The subtleties of making these intentions
real, however, continued to be a challenge. Yes, the Foundation
had come a long way since the days when Keenan was dispatched
to trade its ideas for someone else's cash. But Local Initiative
remained uncharted territory for a national foundation that
had risen quickly to prominence. One observer, describing
the Foundation's image at the time, called it "the 800-pound
gorilla of health care philanthropy." It had fallen into a
somewhat autocratic style of doing business with those seeking
grant support, and that style was undermining the egalitarian
message of Local Initiative.
The part of the application process that
had raised hackles in Local Initiative's first partnerships
was a requirement that community-based funders put money into
a project with no guarantee of a Foundation match. Essentially,
the Foundation reserved an escape for itself. Local funders
had no such out, even though they were putting up an equal
amount of money. Qualifying for the Foundation match translated
for some into months of effort, including personal and public
advocacy. When more than one local funder was involved--and
some Local Initiative projects have had as many as twenty--things
were dicier still. If the Foundation rejected a project at
an advanced stage of development, potential partners on the
home front would be left with a lot of explaining to do.
"Local funders
live with their mistakes. Johnson can walk away from them,"

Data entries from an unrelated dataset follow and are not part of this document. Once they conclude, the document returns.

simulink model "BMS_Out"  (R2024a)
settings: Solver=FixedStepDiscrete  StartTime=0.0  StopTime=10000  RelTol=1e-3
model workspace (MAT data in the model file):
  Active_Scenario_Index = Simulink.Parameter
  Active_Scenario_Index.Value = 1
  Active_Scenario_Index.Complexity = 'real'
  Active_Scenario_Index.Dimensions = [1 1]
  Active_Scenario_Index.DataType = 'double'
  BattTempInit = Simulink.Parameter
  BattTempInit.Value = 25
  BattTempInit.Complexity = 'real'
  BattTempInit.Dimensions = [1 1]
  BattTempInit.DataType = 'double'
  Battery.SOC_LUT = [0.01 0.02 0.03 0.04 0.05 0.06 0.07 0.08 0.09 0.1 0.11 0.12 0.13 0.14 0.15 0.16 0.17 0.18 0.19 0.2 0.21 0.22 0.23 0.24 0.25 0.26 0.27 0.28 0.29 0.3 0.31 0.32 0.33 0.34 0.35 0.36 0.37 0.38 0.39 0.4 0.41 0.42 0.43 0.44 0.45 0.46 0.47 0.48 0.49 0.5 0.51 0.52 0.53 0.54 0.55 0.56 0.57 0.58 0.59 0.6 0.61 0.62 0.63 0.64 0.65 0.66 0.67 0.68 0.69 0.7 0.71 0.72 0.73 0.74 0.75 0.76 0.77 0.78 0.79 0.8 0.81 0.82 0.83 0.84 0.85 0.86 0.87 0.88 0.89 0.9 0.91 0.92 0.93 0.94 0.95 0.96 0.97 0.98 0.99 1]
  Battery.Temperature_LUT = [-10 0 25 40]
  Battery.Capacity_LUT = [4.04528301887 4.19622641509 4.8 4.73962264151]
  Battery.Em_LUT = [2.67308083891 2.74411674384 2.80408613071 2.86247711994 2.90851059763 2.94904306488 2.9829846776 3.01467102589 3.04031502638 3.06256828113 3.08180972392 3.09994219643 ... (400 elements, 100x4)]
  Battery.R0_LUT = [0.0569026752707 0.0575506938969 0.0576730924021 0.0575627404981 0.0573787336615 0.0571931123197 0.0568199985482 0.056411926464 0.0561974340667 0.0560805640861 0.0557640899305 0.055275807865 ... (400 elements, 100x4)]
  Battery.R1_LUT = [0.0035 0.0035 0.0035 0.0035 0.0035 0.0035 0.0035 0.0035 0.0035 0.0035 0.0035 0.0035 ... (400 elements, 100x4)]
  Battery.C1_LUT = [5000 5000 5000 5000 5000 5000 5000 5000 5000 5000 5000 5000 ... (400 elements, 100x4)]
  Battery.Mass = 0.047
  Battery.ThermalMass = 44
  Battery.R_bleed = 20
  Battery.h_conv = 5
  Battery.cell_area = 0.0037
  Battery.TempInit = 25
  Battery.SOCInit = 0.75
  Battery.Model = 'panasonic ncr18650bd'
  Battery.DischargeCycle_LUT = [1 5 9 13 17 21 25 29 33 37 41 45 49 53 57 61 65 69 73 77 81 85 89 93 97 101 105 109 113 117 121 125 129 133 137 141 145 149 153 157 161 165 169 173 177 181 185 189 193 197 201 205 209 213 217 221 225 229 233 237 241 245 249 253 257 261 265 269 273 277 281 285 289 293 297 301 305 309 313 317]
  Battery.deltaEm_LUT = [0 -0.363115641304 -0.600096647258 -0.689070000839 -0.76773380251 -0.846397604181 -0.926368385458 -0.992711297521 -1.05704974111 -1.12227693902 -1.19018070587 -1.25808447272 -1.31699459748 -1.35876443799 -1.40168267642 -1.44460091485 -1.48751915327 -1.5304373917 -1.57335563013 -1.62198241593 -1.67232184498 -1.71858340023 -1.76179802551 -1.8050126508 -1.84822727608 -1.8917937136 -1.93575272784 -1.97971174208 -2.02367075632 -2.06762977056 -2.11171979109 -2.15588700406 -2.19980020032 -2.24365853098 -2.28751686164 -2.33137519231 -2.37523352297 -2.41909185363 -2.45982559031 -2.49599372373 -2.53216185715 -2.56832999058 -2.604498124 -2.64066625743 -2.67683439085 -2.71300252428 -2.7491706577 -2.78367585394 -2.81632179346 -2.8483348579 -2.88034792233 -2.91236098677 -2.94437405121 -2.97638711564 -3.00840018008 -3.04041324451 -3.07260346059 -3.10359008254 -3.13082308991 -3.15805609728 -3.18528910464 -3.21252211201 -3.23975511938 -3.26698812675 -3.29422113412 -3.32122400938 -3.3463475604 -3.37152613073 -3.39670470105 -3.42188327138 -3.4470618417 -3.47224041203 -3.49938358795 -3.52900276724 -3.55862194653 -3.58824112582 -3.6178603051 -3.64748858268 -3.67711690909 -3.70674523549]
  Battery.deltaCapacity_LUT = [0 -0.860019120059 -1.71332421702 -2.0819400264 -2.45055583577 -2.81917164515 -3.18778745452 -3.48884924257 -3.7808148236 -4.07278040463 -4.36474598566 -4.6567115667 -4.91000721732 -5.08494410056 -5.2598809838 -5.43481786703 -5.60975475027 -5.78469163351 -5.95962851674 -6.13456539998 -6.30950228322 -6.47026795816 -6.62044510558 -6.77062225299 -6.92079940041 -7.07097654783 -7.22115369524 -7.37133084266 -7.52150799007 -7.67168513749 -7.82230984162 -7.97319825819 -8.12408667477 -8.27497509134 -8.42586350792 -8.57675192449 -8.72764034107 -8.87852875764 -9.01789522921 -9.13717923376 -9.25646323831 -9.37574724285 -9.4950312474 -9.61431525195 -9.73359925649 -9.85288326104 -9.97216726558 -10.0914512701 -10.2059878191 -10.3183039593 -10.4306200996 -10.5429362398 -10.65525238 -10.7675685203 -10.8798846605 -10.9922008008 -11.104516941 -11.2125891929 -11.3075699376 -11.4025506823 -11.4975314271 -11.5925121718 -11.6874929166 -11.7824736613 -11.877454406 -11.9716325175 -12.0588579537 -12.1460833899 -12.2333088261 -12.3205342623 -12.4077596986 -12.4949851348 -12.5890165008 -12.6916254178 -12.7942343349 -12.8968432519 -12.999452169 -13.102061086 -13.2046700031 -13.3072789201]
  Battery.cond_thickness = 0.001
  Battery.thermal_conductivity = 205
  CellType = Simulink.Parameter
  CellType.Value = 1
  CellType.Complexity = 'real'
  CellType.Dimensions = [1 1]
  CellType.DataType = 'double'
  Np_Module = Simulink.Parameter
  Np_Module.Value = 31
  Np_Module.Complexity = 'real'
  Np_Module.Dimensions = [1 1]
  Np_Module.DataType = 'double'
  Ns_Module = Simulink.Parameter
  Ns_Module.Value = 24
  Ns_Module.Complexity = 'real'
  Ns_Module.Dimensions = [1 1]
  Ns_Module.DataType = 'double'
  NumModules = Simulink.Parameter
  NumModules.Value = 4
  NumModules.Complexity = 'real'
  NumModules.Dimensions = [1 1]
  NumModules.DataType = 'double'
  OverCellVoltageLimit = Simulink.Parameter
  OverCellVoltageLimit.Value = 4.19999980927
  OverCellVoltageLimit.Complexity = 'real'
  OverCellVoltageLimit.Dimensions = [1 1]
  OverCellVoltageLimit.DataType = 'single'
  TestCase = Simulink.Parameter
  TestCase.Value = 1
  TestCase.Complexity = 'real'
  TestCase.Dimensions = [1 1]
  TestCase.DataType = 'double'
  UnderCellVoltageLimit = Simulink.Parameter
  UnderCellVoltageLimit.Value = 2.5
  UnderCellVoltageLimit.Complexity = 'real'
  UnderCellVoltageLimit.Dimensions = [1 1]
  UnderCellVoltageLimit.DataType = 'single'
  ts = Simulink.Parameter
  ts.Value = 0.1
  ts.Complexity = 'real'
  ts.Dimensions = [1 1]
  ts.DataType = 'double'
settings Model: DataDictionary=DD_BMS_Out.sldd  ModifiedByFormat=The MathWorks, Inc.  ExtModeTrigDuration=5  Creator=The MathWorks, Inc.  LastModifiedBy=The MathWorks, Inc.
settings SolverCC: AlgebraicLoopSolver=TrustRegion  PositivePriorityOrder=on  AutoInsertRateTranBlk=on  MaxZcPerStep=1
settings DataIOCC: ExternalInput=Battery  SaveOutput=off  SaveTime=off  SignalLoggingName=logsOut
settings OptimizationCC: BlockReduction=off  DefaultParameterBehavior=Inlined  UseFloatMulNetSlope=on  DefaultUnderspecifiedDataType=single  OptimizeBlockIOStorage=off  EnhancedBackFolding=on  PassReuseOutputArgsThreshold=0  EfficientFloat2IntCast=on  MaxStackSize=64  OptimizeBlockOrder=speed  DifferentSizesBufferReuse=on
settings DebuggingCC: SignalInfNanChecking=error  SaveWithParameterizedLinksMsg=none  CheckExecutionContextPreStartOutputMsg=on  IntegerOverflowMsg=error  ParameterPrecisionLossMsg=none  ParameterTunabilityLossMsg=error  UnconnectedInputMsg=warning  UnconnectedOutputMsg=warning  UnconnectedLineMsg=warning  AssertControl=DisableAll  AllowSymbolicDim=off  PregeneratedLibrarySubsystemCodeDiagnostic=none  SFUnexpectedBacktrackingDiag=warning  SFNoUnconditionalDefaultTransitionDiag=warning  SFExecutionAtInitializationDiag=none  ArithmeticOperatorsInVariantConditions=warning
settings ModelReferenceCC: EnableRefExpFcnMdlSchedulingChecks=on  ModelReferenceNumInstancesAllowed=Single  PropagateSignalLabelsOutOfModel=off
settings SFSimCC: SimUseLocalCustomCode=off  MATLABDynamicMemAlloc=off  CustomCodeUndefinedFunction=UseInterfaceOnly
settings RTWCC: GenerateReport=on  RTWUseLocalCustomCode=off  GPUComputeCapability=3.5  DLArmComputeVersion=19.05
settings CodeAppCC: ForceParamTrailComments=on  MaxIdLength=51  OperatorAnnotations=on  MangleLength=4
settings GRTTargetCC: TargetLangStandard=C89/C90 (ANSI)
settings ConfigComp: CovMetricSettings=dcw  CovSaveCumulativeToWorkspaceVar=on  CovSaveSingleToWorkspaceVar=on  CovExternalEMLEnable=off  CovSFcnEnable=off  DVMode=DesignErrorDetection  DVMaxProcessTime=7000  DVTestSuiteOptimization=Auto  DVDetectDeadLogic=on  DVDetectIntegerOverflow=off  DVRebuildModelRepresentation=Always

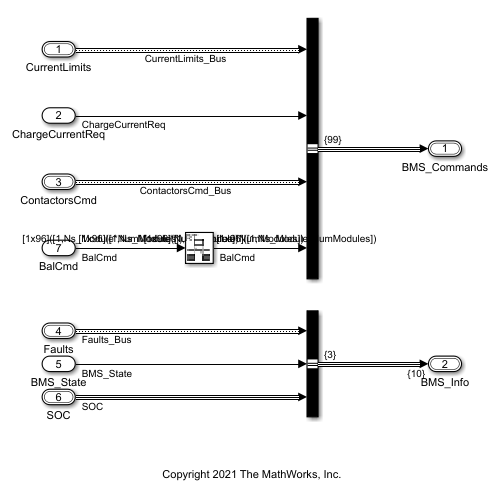
[thumbnail: Simulink's stored preview of the top-level diagram]
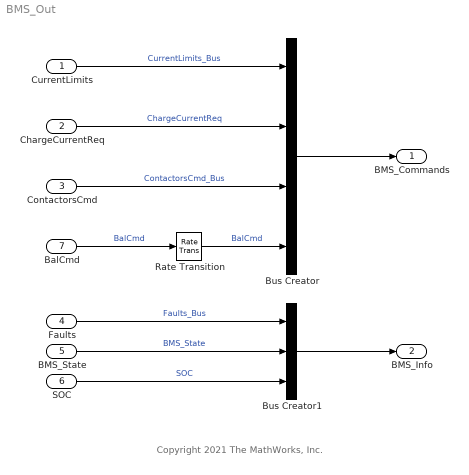
== system BMS_Out ==
  note: Copyright 2021 The MathWorks, Inc.
  CurrentLimits : Inport  OutDataTypeStr=Bus: CurrentLimits  SampleTime=[0.10000000000000001,0]  BusOutputAsStruct=on
  ChargeCurrentReq : Inport  Port=2  OutDataTypeStr=single  PortDimensions=1  SampleTime=[0.10000000000000001,0]
  ContactorsCmd : Inport  Port=3  OutDataTypeStr=Bus: Contactors_Cmd  SampleTime=[0.10000000000000001,0]  BusOutputAsStruct=on
  Faults : Inport  Port=4  OutDataTypeStr=Bus: Faults  PortDimensions=1  SampleTime=[0.10000000000000001,0]  BusOutputAsStruct=on
  BMS_State : Inport  Port=5  OutDataTypeStr=Enum: BMS_State_Enum  PortDimensions=1  SampleTime=[0.10000000000000001,0]
  SOC : Inport  Port=6  OutDataTypeStr=Bus: SOC_Est  SampleTime=[0.10000000000000001,0]
  BalCmd : Inport  Port=7  OutDataTypeStr=boolean  PortDimensions=[1 NumModules*Ns_Module]  SampleTime=[5,0]
  Bus Creator1 : BusCreator  Inputs=3  OutDataTypeStr=Bus: BMS_Info
  Bus Creator : BusCreator  Inputs=4  OutDataTypeStr=Bus: BMS_Cmd
  Rate Transition : RateTransition  Integrity=off  Deterministic=off
  BMS_Commands : Outport  OutDataTypeStr=Bus: BMS_Cmd  SampleTime=[0.10000000000000001,0]  BusOutputAsStruct=on
  BMS_Info : Outport  Port=2  OutDataTypeStr=Bus: BMS_Info  SampleTime=[0.10000000000000001,0]
  wires:
  ContactorsCmd/1 -> Bus Creator/3  "ContactorsCmd_Bus"
  Faults/1 -> Bus Creator1/1  "Faults_Bus"
  Bus Creator1/1 -> BMS_Info/1
  BalCmd/1 -> Rate Transition/1  "BalCmd"
  Bus Creator/1 -> BMS_Commands/1
  SOC/1 -> Bus Creator1/3  "SOC"
  BMS_State/1 -> Bus Creator1/2  "BMS_State"
  CurrentLimits/1 -> Bus Creator/1  "CurrentLimits_Bus"
  ChargeCurrentReq/1 -> Bus Creator/2  "ChargeCurrentReq"
  Rate Transition/1 -> Bus Creator/4  "BalCmd"

explains Robert Eckardt, of the Cleveland Foundation in Ohio,
a partner in several Local Initiative projects.
George Penick, currently president of the
Foundation For The Mid South in Mississippi and a member of
Local Initiative's national advisory committee, speaks from
personal experience when he describes the consequences of
rejection as "extreme." In the late 1980s, Penick was executive
director of the Florida-based Jessie Ball duPont Fund when
he applied for a Local Initiative grant. The project involved
sending medical residents to underserved rural areas to provide
maternal and child health care. One partner in the effort
was a major university that would be responsible for supervision
and training of the residents. The duPont Fund, at Penick's
urging, authorized the requisite up-front money, totaling
several hundred thousand dollars. Confidence was high as the
proposal reached the finalist ranks for a Local Initiative
grant, and subsequently passed an on-site review by the Foundation.
But then the Foundation declined to match, and the project
had to be scrapped.
"It was embarrassing in the community, and
very difficult for me personally," Penick recalls. "Here I'd
been telling my trustees that The Robert Wood Johnson Foundation
was a good partner."
His trustees were irked enough to direct
Penick to write the Foundation a letter. "It had an edge,"
he recalls. "I basically told them this was no way to treat
local partners and build trust."
Requiring up-front money bred exactly what
Local Initiative had sought to minimize: power imbalance.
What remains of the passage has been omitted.